Chruscikis must be DH's childhood nostalgia snacks. He or his mom keeps getting a huge box of them. He doesn't seem to remember that our kids don't eat them very quickly and they tend to go to waste.

This time, as soon as he brought them home, I decided I was going to try making cracker crumb pie crust dough out of some of them.

As it turned out, I had a craving for quiche today. I probably would have used all Chruscikis for a sweet pie, but since it was going to be a savory pie, I used about 1/4 oyster crackers and added salt. Eyeballed it with 6 Tbs of unsalted butter in a mini food processor, but it's obvious I should have used a bit more cookies and/or crackers ... May have needed full stick of butter then. A splash of whey to moisten the crumbs/butter mixture.

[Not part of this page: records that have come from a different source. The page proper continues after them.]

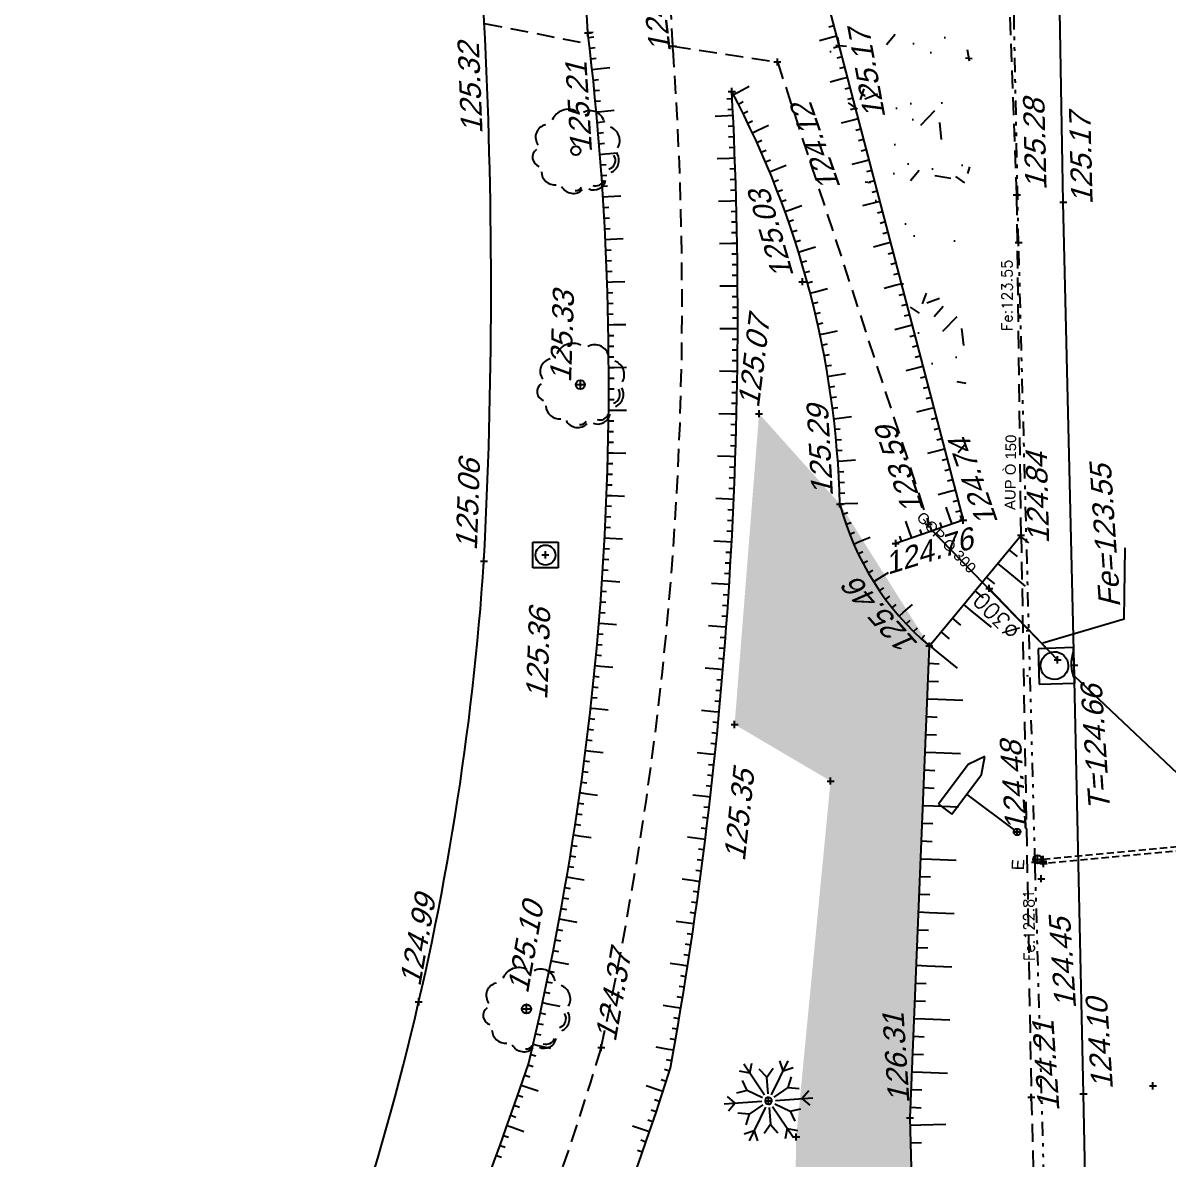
# Model space of a CAD drawing. Header units: metres. Extents: x 1633075 to 1634601, y 8175308 to 8177203.
# Drawn here: x 1633546.88 to 1633579.08, y 8175892.66 to 8175924.62 of the extents above; entities that cross this region are included whole.
import ezdxf

# ---------------------------------------------------------------- set-up
doc = ezdxf.new("R2010")
doc.units = ezdxf.units.M
doc.header["$LTSCALE"] = 2
doc.header["$PDMODE"] = 2
doc.header["$PDSIZE"] = 0.1
for name, pattern in [('201', [0.5, 0.2, -0.1, 0, -0.1, 0, -0.1]), ('211', [0.5, 0.2, -0.1, 0, -0.1, 0, -0.1]), ('266', [2, 1, 1]), ('31', [2, 1, 1]), ('551', [0.15, 0.1, -0.05]), ('CACHE', [0.375, 0.25, -0.125]), ('CACHE2', [4.7625, 3.175, -1.5875]), ('CONTINU', [0])]:
    doc.linetypes.add(name, pattern=pattern)
for name, color, linetype in [('C15785 - ALLEE', 7, 'CACHE'), ('C15785 - ASSAINIS', 6, 'Continuous'), ('C15785 - BORDURES', 7, 'CONTINU'), ('C15785 - BTALUS', 3, 'CACHE'), ('C15785 - EAUP', 5, 'CONTINU'), ('C15785 - EP', 4, 'Continuous'), ('C15785 - HTALUS', 7, 'Continuous'), ('C15785 - MOBILIER', 252, 'Continuous'), ('C15785 - POINT 2D', 7, 'Continuous'), ('C15785 - RECO-GÉN', 5, 'Continuous'), ('C15785 - Talus', 7, 'Continuous'), ('C15785 - VEGET', 3, 'Continuous'), ('C15785 - Z', 7, 'Continuous')]:
    doc.layers.add(name, color=color, linetype=linetype)
doc.styles.add('SIMPLEX', font='simplex_.ttf', dxfattribs={"height": 0.6})
doc.styles.get("Standard").update_dxf_attribs({"font": 'arial.ttf'})
doc.styles.add('TXT', font='txt', dxfattribs={"height": 0.3})
pattern_1 = [(49.50002714, (1050220.128, 8061047.714), (3.640772945, -0.350564668), [0.381, -4.191]), (354.50002714, (1050220.128, 8061047.714), (-0.671486242, 3.827137998), [0.3048, -3.3528]), (99.95102714, (1050220.4313, 8061047.6847), (2.969299724, 3.476555826), [0.3238, -3.5618]), (45.6842271, (1050220.1367, 8061048.73), (5.414037124, -0.888123595), [0.5715, -6.2865]), (96.1356271, (1050220.588, 8061048.656), (4.79108493, 4.906890634), [0.4857, -5.3427]), (350.6840271, (1050220.137, 8061048.73), (4.79109228, 4.90688181), [0.4572, -5.0292]), (20.50002714, (1050220.6425, 8061048.4715), (3.014334644, -2.071692516), [0.381, -4.191]), (325.50002714, (1050220.6425, 8061048.4715), (1.26813822, 3.672833305), [0.3048, -3.3528]), (70.95142714, (1050220.8937, 8061048.2988), (4.282464587, 1.601149064), [0.3238, -3.5618]), (37.00002714, (1050220.1279, 8061047.7139), (0.076526363, 1.6904973657), [0, -3.31216, 0, -3.4036, 0, -3.3655]), (7.00002714, (1050220.1279, 8061047.714), (1.353826008, 1.991873763), [0, -1.94056, 0, -3.23596, 0, -1.2827]), (327.00002714, (1050218.9951, 8061047.7238), (2.7107088696, -0.138233956), [0, -1.27, 0, -3.9624, 0, -5.2578]), (317.00002714, (1050218.487, 8061047.7282), (2.9669082965, 0.482658772), [0, -1.651, 0, -2.63144, 0, -3.7338])]

# ---------------------------------------------------------------- blocks, each defined once
blk = doc.blocks.new('BL19')
at = {"color": 0}
for p, q in [((0.5, 1), (-0.5, 1)), ((-0.5, 1), (-0.5, 0)), ((0.5, 0), (0.5, 1)), ((-0.5, 0), (0.5, 0))]:
    blk.add_line(p, q, dxfattribs=at)
for centre, major_axis, start_param, end_param in [((0.009, 0.554), (-0.275, 0.275), 3.926991, 10.210176), ((0.008, -0.967), (0.742, 0.742), 0.387155, 1.183656)]:
    blk.add_ellipse(centre, major_axis=major_axis, ratio=1, start_param=start_param, end_param=end_param, dxfattribs=at)
blk = doc.blocks.new('TALB100A')
blk.add_line((0, -0.3), (0, -1))
blk = doc.blocks.new('TALB100B')
blk.add_line((0, 0), (0, -0.3))
blk = doc.blocks.new('TALB050A')
blk.add_line((0, -0.15), (0, -0.5))
blk = doc.blocks.new('TALB050B')
blk.add_line((0, 0), (0, -0.15))
blk = doc.blocks.new('T1')
at = {"linetype": '31'}
blk.add_point((0, 0), dxfattribs=at)
blk = doc.blocks.new('ARBN')
blk.add_circle((0, 0), 0.0517)
for centre, radius, start, end in [((-0.088, 0.27), 0.194, 62.9289, 157.9234), ((0.159, 0.288), 0.162, 10.5515, 118.7684), ((-0.313, 0.149), 0.141, 102.3806, 218.1519), ((0.33, 0.115), 0.163, 331.4172, 69.7614), ((-0.381, -0.079), 0.106, 125.5548, 253.3512), ((0.342, -0.106), 0.104, 287.358, 32.9391), ((0.335, -0.105), 0.151, 294.7172, 29.5061), ((-0.236, -0.237), 0.15, 182.2997, 276.8338), ((0.202, -0.304), 0.137, 247.1419, 348.9634), ((0.221, -0.292), 0.104, 254.316, 338.7253), ((-0.027, -0.335), 0.147, 208.1993, 316.9403), ((0.007, -0.38), 0.0689, 259.4414, 333.9219)]:
    blk.add_arc(centre, radius, start, end)
blk = doc.blocks.new('BLSYM082')
at = {"color": 0}
for p, q in [((-0.001, 0.375), (-0.084, 0.459)), ((-0.001, 0.077), (-0.001, 0.5)), ((-0.001, 0.375), (0.083, 0.459)), ((-0.326, 0.188), (-0.356, 0.302)), ((-0.135, 0.231), (-0.252, 0.276)), ((-0.135, 0.231), (-0.117, 0.354)), ((0.132, 0.231), (0.113, 0.355)), ((0.132, 0.231), (0.248, 0.277)), ((0.324, 0.188), (0.354, 0.302)), ((-0.326, 0.188), (-0.439, 0.157)), ((-0.067, 0.038), (-0.434, 0.25)), ((-0.039, 0.066), (-0.135, 0.231)), ((0.038, 0.067), (0.132, 0.231)), ((0.066, 0.039), (0.432, 0.25)), ((0.324, 0.188), (0.438, 0.157)), ((-0.268, -0.001), (-0.365, 0.077)), ((0.077, 0), (0.266, 0.001)), ((0.266, 0.001), (0.363, 0.079)), ((0.266, 0.001), (0.364, -0.077)), ((-0.067, -0.038), (-0.434, -0.25)), ((-0.268, -0.001), (-0.365, -0.079)), ((-0.077, 0), (-0.268, -0.001)), ((-0.039, -0.066), (-0.133, -0.232)), ((-0.001, -0.077), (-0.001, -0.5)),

Custard -- used 3 eggs with 1/3 Cup sour cream and enough whey from making ricotta cheese to make up to 1/2 Cup, but I could have used 4 eggs if I had made enough pie crust to fully line the quiche pan to the rim. nutmeg and black peppers.

Filling -- Sautéed onions, carrots, celery, a tiny bit of minced red jalapeño for color and hidden prickles of heat, fresh parsley, kale, shiitake, frozen super sweet corn and green peas. Polish deli ham and sharp Chedder cheese (orange).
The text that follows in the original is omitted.